=== ABOUT THIS EXERCISE ===
In the material below, find each line holding the string "mechanical" and copy it.
--- DATA IN THIS EXERCISE Enclosed Below ---
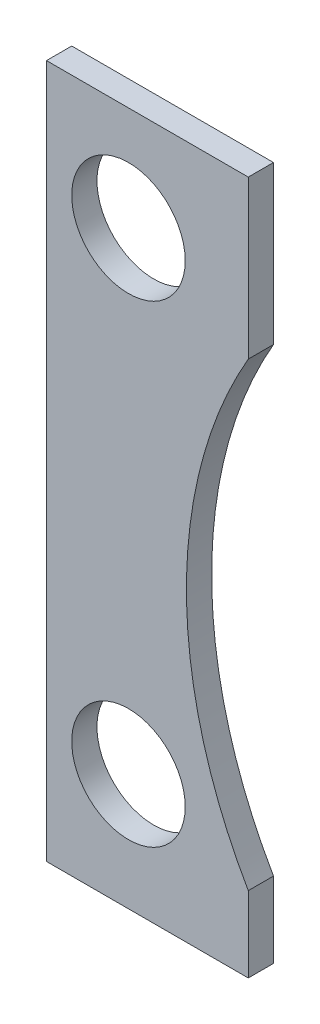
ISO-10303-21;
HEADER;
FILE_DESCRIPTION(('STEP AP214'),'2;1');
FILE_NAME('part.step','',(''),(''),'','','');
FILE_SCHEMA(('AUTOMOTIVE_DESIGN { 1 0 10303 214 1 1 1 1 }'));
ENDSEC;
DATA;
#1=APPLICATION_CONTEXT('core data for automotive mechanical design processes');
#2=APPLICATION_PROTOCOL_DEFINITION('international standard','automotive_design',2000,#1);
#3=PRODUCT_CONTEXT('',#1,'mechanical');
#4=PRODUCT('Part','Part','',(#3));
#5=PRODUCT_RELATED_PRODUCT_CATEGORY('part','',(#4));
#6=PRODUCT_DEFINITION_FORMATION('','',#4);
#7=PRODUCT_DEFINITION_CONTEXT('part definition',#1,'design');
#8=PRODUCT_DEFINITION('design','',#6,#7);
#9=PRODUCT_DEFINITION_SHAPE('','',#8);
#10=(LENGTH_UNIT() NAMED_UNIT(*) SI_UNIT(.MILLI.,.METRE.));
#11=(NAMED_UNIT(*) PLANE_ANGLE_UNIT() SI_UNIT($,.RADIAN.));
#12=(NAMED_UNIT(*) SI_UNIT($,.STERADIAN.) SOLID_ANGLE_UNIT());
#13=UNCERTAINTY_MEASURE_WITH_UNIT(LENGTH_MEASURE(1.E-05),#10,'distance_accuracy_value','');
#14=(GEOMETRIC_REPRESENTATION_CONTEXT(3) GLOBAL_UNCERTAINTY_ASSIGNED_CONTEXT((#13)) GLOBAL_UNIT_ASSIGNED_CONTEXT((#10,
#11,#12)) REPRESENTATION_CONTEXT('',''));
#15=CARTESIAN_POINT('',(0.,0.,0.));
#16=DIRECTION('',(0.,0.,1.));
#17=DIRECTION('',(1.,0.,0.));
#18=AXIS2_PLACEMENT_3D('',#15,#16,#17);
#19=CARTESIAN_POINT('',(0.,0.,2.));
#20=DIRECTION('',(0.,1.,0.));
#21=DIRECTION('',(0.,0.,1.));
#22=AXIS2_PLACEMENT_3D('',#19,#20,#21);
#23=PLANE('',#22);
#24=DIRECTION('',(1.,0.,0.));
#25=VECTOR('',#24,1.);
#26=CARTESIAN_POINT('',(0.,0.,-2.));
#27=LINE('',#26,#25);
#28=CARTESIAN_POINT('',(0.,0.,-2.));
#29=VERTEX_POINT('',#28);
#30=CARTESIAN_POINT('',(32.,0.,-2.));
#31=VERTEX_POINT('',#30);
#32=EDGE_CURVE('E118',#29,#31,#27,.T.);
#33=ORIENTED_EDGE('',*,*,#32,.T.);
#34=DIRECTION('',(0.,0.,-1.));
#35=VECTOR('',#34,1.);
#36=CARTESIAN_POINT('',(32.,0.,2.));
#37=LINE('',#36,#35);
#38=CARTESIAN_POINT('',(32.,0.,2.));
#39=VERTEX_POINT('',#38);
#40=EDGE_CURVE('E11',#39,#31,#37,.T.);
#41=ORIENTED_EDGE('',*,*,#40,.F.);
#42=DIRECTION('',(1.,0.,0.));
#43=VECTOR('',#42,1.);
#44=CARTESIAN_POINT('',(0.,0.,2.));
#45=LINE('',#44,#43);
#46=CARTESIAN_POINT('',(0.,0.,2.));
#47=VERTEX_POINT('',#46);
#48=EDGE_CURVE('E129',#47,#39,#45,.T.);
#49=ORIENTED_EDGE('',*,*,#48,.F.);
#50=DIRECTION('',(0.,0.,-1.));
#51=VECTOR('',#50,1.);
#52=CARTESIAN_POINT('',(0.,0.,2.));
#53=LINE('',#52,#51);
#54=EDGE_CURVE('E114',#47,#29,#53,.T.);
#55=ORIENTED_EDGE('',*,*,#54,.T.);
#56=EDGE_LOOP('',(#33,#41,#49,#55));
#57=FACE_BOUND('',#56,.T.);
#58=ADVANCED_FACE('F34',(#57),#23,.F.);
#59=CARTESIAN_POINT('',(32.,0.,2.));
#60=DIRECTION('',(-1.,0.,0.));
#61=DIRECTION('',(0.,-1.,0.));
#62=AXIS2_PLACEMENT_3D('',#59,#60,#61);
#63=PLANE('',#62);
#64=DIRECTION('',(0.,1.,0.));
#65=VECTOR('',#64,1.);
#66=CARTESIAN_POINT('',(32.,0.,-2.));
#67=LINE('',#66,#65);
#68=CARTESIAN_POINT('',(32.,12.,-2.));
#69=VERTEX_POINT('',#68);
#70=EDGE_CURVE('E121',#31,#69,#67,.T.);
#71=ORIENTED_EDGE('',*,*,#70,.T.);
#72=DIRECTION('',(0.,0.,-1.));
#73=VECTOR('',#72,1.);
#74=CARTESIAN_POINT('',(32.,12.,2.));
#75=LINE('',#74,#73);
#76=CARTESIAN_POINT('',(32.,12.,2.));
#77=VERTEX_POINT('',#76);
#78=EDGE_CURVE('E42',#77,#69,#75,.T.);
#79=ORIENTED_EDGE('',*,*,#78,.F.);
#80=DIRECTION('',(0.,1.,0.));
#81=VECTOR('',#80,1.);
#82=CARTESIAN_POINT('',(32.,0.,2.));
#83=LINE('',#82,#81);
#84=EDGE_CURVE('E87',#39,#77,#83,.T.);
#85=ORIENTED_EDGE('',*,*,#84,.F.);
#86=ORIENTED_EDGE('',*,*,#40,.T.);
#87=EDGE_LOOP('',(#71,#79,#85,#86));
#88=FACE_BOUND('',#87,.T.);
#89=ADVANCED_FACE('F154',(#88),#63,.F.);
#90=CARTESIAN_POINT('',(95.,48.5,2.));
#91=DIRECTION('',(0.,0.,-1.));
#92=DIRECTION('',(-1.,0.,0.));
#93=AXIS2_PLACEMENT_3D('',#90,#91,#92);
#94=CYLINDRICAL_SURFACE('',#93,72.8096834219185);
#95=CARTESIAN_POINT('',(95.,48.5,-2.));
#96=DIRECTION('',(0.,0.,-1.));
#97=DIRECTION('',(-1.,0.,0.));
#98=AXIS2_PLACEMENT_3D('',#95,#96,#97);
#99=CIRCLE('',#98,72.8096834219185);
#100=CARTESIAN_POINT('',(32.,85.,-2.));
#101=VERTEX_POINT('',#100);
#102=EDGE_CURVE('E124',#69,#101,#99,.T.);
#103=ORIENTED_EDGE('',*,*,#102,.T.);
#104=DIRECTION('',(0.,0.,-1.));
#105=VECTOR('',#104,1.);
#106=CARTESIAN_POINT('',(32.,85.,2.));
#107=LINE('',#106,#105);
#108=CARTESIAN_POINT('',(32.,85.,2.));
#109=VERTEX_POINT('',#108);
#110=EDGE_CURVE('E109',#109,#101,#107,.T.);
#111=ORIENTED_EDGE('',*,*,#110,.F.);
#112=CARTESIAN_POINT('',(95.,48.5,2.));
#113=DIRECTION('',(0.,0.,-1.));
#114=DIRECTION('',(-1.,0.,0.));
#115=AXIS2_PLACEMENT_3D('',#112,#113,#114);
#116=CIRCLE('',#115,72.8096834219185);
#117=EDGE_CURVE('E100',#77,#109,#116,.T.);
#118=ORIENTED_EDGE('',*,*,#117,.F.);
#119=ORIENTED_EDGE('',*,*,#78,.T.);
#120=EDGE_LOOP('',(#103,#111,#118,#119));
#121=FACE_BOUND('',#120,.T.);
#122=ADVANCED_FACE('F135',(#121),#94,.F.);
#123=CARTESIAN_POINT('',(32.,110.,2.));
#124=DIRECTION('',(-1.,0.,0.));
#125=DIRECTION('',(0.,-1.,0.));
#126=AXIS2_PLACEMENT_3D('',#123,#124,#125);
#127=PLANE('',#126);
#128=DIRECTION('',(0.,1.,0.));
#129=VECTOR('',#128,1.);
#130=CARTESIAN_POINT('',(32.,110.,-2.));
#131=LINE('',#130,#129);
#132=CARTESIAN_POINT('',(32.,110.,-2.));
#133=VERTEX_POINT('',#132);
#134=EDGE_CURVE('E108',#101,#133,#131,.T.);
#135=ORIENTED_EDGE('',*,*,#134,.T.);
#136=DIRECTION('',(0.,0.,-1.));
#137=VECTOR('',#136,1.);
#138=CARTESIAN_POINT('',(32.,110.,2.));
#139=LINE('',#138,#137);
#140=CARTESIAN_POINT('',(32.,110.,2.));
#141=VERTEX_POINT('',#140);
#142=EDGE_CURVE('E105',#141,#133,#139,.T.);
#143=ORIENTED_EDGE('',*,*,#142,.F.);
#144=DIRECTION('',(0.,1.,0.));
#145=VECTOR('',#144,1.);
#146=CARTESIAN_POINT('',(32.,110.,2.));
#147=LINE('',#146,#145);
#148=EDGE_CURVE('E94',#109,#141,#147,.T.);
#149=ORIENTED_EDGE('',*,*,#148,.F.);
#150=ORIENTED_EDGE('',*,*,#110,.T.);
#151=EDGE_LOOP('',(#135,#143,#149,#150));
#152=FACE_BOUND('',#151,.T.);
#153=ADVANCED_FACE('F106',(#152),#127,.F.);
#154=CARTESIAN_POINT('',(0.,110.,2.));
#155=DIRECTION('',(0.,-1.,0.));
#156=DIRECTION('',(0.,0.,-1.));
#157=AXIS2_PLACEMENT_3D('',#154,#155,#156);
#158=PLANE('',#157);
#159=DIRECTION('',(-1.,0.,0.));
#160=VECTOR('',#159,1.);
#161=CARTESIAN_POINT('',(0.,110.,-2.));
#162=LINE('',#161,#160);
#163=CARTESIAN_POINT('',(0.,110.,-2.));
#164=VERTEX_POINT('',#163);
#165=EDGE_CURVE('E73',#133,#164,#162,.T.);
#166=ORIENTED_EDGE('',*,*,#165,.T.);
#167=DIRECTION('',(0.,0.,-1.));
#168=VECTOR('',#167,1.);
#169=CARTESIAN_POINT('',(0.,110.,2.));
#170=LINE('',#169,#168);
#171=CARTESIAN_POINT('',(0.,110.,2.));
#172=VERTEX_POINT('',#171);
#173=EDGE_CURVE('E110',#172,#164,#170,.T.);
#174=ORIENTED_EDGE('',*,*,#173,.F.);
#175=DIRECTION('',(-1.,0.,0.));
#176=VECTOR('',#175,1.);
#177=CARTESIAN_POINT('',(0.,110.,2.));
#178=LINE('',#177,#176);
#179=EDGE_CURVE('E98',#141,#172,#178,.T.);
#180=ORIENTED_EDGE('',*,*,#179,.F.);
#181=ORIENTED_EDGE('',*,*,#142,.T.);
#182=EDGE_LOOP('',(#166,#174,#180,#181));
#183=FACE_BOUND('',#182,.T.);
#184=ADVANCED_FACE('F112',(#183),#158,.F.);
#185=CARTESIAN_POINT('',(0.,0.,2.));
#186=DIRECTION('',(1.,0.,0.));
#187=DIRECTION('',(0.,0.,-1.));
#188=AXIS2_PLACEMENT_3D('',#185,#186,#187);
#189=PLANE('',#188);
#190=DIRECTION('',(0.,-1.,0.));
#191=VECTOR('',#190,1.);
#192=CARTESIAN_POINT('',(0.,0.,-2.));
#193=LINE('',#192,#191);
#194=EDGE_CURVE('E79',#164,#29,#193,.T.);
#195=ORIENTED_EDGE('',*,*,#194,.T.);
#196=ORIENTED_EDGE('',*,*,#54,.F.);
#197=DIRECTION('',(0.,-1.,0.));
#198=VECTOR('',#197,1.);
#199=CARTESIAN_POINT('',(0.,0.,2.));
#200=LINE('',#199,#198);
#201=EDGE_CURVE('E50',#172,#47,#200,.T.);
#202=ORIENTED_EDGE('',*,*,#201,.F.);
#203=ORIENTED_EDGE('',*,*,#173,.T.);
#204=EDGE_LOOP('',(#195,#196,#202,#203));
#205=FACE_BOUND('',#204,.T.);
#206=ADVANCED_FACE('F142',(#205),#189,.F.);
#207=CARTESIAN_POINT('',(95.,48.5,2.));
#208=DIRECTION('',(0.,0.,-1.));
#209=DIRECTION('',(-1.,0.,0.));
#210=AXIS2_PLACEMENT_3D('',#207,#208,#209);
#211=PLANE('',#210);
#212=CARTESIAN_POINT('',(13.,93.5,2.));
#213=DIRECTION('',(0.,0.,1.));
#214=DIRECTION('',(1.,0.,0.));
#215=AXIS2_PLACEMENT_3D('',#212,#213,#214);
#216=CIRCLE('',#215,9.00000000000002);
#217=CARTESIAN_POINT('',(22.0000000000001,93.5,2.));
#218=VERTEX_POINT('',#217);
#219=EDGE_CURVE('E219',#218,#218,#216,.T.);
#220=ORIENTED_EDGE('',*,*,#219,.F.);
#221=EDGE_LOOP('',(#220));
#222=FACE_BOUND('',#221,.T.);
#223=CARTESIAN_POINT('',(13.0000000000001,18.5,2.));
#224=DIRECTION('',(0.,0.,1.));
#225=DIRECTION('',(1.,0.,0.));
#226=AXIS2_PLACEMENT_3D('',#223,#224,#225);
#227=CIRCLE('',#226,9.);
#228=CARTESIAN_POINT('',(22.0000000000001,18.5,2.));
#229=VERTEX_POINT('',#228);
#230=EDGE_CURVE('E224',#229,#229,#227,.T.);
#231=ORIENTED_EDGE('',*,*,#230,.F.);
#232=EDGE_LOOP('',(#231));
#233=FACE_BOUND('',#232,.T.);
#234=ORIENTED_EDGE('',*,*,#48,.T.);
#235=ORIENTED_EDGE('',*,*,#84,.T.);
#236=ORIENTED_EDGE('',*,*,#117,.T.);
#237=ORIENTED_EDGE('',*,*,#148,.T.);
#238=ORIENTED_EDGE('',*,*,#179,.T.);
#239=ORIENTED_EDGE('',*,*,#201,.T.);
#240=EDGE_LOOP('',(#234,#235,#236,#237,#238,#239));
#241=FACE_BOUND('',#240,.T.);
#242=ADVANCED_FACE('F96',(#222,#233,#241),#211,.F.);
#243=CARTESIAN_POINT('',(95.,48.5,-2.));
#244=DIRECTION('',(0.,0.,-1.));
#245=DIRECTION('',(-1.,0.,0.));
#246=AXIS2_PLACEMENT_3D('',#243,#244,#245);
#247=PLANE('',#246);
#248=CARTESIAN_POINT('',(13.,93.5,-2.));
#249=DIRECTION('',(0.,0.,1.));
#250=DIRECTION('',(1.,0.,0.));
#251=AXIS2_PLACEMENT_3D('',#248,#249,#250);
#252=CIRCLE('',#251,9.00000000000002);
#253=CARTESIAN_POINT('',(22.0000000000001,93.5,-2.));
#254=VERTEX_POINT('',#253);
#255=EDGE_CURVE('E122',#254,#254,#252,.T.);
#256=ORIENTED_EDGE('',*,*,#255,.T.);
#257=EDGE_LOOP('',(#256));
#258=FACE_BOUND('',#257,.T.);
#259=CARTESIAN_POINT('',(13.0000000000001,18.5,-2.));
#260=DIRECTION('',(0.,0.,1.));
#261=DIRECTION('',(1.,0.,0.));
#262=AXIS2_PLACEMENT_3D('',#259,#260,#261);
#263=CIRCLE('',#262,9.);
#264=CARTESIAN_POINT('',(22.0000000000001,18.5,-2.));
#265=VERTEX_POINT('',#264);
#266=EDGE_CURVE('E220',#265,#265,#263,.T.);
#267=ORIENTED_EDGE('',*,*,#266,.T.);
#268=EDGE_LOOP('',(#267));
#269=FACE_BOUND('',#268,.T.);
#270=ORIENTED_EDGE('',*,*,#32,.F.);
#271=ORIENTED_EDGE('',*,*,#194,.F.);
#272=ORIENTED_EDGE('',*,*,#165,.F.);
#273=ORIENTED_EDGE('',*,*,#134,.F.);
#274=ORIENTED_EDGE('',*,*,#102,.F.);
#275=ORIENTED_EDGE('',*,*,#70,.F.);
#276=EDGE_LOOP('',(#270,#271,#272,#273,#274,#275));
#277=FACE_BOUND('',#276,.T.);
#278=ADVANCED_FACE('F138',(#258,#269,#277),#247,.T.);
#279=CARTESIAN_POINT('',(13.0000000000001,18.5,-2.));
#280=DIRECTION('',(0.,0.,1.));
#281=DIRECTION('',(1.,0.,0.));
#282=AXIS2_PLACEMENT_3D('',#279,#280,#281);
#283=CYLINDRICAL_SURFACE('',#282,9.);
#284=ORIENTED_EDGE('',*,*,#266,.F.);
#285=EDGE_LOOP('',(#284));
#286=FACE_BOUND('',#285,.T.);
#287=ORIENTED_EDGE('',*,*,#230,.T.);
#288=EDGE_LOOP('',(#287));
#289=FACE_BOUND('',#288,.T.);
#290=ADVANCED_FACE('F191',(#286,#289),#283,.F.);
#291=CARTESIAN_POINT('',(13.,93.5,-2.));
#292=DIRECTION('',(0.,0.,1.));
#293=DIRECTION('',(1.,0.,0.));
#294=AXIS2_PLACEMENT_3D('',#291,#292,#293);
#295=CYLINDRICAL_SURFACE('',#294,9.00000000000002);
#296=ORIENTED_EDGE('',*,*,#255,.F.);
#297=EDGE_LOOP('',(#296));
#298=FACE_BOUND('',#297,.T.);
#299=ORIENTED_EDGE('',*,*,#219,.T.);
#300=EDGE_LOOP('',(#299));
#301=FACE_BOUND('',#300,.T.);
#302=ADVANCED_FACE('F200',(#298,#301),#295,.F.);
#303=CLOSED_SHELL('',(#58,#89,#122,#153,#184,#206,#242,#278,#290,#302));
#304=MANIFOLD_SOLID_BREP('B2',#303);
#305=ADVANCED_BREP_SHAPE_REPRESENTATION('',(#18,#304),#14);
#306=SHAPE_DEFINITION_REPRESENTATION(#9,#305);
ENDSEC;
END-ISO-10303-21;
--- End of Enclosed DATA IN THIS EXERCISE ---
=== RESULT BELOW ===
#1=APPLICATION_CONTEXT('core data for automotive mechanical design processes');
#3=PRODUCT_CONTEXT('',#1,'mechanical');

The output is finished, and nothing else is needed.